▶ _Directions_:
Copy the records below verbatim, from the first line through the line containing "doc.linetypes.add('ACAD_PROJEÇÃO', pattern=[0.2, 0.1, -0.1])", inclusive, and output nothing else.

▶ _Records from a collection_:

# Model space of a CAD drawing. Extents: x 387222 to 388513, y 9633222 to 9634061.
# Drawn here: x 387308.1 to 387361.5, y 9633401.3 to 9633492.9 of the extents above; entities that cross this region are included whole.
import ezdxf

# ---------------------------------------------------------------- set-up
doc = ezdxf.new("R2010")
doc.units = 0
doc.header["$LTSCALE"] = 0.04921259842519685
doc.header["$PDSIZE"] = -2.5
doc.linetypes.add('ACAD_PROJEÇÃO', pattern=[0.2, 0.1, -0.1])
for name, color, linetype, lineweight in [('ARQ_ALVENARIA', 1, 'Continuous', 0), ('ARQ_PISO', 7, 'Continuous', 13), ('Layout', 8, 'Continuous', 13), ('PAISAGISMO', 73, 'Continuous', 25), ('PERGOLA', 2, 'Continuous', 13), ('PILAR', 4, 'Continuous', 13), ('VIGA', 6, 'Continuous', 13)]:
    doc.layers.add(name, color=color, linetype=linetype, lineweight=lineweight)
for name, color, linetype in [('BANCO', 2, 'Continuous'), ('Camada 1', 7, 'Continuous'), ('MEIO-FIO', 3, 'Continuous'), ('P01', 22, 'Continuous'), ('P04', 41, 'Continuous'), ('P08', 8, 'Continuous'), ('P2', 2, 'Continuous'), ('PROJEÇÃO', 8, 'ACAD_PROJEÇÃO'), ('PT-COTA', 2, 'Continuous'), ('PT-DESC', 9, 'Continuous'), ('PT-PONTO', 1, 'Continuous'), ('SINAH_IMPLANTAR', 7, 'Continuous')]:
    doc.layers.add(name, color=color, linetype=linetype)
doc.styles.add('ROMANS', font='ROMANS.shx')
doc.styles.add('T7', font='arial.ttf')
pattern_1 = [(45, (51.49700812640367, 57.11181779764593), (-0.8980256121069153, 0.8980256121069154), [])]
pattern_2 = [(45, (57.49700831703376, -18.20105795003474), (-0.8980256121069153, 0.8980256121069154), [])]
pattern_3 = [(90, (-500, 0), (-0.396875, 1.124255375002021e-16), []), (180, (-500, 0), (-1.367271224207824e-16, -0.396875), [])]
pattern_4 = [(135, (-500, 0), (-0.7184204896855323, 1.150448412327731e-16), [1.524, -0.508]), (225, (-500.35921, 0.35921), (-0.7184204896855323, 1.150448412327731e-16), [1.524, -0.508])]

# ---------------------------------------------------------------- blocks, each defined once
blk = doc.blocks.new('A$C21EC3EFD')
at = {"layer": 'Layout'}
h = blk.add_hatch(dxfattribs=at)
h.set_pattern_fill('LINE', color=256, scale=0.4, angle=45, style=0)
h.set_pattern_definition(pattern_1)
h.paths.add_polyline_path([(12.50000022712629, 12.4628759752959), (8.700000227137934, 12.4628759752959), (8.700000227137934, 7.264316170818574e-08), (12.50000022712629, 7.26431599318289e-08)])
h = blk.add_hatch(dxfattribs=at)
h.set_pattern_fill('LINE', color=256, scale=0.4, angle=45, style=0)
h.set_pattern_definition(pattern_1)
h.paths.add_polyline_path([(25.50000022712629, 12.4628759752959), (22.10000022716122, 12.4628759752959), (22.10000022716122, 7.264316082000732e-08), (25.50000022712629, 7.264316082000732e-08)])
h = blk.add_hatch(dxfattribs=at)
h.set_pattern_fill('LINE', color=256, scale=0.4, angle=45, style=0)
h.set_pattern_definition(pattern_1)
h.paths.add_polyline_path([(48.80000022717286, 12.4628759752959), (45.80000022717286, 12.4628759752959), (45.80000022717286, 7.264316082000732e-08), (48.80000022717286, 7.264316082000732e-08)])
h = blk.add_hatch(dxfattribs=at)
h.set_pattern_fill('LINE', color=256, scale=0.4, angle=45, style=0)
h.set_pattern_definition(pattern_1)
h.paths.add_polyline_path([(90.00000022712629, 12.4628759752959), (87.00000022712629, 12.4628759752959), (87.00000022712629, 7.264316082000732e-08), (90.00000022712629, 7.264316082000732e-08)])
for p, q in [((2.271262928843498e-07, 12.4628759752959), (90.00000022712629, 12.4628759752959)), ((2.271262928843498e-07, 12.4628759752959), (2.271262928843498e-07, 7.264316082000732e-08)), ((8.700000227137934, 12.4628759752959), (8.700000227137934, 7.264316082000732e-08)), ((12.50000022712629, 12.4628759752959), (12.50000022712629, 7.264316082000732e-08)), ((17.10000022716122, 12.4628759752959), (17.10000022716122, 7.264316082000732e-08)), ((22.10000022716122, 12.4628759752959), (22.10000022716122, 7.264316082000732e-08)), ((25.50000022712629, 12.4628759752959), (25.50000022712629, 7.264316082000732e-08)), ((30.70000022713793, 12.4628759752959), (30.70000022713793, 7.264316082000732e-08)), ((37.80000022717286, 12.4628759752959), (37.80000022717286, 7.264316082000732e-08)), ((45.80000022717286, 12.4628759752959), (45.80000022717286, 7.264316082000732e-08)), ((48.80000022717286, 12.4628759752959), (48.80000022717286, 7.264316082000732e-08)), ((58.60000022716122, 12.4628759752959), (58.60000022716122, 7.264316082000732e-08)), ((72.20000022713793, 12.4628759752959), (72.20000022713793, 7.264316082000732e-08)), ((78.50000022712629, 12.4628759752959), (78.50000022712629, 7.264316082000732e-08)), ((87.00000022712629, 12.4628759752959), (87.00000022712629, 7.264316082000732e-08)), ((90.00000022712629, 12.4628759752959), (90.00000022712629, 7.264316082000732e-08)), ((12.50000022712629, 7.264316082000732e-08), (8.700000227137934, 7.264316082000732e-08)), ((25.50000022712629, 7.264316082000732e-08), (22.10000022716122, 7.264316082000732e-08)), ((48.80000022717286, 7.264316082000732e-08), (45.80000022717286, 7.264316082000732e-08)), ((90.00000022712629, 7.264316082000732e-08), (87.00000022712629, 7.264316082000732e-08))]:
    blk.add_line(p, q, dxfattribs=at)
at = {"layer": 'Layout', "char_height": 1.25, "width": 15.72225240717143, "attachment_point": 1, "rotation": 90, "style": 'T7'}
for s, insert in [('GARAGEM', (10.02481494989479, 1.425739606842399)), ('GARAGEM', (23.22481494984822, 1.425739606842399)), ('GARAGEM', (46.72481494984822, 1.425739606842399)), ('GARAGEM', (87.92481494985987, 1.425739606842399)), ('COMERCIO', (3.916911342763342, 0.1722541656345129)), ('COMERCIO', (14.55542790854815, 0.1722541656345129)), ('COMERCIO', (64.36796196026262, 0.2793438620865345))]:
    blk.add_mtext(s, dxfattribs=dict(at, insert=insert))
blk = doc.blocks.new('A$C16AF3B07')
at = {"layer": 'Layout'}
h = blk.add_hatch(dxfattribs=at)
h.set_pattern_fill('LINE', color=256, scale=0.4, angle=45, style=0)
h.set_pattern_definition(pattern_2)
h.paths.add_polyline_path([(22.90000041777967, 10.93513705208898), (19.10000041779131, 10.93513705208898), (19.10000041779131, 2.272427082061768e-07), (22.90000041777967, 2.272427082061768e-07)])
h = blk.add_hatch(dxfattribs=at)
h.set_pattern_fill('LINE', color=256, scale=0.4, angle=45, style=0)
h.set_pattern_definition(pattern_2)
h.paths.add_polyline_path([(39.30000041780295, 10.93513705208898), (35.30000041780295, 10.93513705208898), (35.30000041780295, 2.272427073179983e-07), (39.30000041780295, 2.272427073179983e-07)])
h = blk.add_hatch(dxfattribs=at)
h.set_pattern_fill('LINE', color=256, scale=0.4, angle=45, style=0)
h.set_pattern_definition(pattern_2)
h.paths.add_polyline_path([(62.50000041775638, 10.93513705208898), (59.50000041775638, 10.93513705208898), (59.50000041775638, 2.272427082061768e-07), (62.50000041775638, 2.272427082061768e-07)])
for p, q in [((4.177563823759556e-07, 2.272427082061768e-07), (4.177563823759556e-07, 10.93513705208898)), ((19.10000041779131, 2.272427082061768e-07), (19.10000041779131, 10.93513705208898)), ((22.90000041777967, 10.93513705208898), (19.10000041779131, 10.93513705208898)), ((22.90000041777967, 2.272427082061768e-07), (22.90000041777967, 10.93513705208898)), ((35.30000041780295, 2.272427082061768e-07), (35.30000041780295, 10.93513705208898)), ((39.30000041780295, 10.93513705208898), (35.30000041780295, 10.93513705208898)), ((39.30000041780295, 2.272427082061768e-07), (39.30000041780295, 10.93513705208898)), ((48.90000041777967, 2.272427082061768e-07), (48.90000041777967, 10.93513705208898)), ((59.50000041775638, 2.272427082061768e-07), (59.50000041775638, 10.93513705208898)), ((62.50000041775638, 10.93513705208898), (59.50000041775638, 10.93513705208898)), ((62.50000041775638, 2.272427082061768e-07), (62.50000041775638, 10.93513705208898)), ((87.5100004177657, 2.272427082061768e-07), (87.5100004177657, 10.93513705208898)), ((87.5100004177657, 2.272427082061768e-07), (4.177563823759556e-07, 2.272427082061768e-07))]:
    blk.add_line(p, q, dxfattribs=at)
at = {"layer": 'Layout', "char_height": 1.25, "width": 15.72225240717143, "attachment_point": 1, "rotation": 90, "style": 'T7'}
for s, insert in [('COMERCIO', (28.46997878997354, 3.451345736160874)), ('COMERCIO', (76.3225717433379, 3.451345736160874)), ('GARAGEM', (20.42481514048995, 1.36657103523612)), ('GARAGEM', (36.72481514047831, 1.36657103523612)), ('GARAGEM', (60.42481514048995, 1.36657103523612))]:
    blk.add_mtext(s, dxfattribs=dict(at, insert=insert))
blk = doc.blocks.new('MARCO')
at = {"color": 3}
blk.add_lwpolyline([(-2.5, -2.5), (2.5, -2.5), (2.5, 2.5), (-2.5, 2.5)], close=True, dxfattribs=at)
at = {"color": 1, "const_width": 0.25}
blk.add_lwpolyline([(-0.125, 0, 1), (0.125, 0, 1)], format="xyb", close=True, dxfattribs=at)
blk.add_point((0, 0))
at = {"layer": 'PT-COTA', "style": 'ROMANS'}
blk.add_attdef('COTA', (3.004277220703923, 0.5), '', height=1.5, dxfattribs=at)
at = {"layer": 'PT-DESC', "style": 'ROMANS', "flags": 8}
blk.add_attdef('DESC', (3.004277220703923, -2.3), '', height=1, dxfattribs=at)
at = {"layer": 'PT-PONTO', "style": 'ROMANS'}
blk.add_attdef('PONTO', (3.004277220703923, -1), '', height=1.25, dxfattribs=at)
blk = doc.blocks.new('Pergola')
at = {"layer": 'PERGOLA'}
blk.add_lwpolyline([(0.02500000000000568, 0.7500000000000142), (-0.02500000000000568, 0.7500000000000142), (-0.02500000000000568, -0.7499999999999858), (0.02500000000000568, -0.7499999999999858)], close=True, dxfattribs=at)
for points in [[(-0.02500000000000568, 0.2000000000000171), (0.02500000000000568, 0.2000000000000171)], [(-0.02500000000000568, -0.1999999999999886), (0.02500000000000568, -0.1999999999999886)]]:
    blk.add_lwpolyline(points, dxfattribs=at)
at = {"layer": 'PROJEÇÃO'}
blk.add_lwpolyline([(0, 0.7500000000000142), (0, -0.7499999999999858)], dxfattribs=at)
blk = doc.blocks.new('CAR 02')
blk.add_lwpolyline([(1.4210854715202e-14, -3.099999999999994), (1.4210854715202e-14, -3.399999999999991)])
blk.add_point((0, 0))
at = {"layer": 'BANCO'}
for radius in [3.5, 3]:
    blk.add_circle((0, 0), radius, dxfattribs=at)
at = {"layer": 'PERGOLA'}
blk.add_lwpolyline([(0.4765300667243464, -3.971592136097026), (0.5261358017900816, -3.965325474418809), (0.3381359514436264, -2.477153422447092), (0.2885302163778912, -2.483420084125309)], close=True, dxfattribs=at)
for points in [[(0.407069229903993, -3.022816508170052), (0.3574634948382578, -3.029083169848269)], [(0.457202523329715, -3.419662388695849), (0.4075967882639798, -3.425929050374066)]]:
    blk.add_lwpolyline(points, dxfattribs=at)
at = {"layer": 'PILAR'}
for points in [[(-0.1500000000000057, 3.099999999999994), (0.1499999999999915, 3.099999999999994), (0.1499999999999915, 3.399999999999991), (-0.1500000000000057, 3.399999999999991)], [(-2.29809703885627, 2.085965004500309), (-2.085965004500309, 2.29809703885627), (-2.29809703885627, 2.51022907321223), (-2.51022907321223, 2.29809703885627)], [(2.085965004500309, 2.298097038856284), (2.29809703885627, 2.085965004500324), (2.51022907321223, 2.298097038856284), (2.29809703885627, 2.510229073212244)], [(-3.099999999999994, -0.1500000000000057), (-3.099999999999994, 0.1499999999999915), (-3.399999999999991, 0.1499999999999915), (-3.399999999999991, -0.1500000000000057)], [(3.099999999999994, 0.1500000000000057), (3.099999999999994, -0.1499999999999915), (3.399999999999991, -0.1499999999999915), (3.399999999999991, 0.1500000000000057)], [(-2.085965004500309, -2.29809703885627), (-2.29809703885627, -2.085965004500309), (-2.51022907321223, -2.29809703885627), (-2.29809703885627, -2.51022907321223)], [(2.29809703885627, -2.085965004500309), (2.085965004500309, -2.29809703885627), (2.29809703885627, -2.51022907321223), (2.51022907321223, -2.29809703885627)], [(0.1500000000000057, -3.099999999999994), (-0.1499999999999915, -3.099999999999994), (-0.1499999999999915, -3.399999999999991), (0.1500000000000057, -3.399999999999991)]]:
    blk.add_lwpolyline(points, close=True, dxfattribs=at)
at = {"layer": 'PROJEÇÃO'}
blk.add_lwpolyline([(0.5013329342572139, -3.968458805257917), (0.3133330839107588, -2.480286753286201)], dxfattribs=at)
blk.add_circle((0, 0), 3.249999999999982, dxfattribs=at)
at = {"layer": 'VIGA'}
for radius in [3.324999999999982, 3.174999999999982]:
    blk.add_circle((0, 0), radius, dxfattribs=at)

▶ _The answer_:
# Model space of a CAD drawing. Extents: x 387222 to 388513, y 9633222 to 9634061.
# Drawn here: x 387308.1 to 387361.5, y 9633401.3 to 9633492.9 of the extents above; entities that cross this region are included whole.
import ezdxf

# ---------------------------------------------------------------- set-up
doc = ezdxf.new("R2010")
doc.units = 0
doc.header["$LTSCALE"] = 0.04921259842519685
doc.header["$PDSIZE"] = -2.5
doc.linetypes.add('ACAD_PROJEÇÃO', pattern=[0.2, 0.1, -0.1])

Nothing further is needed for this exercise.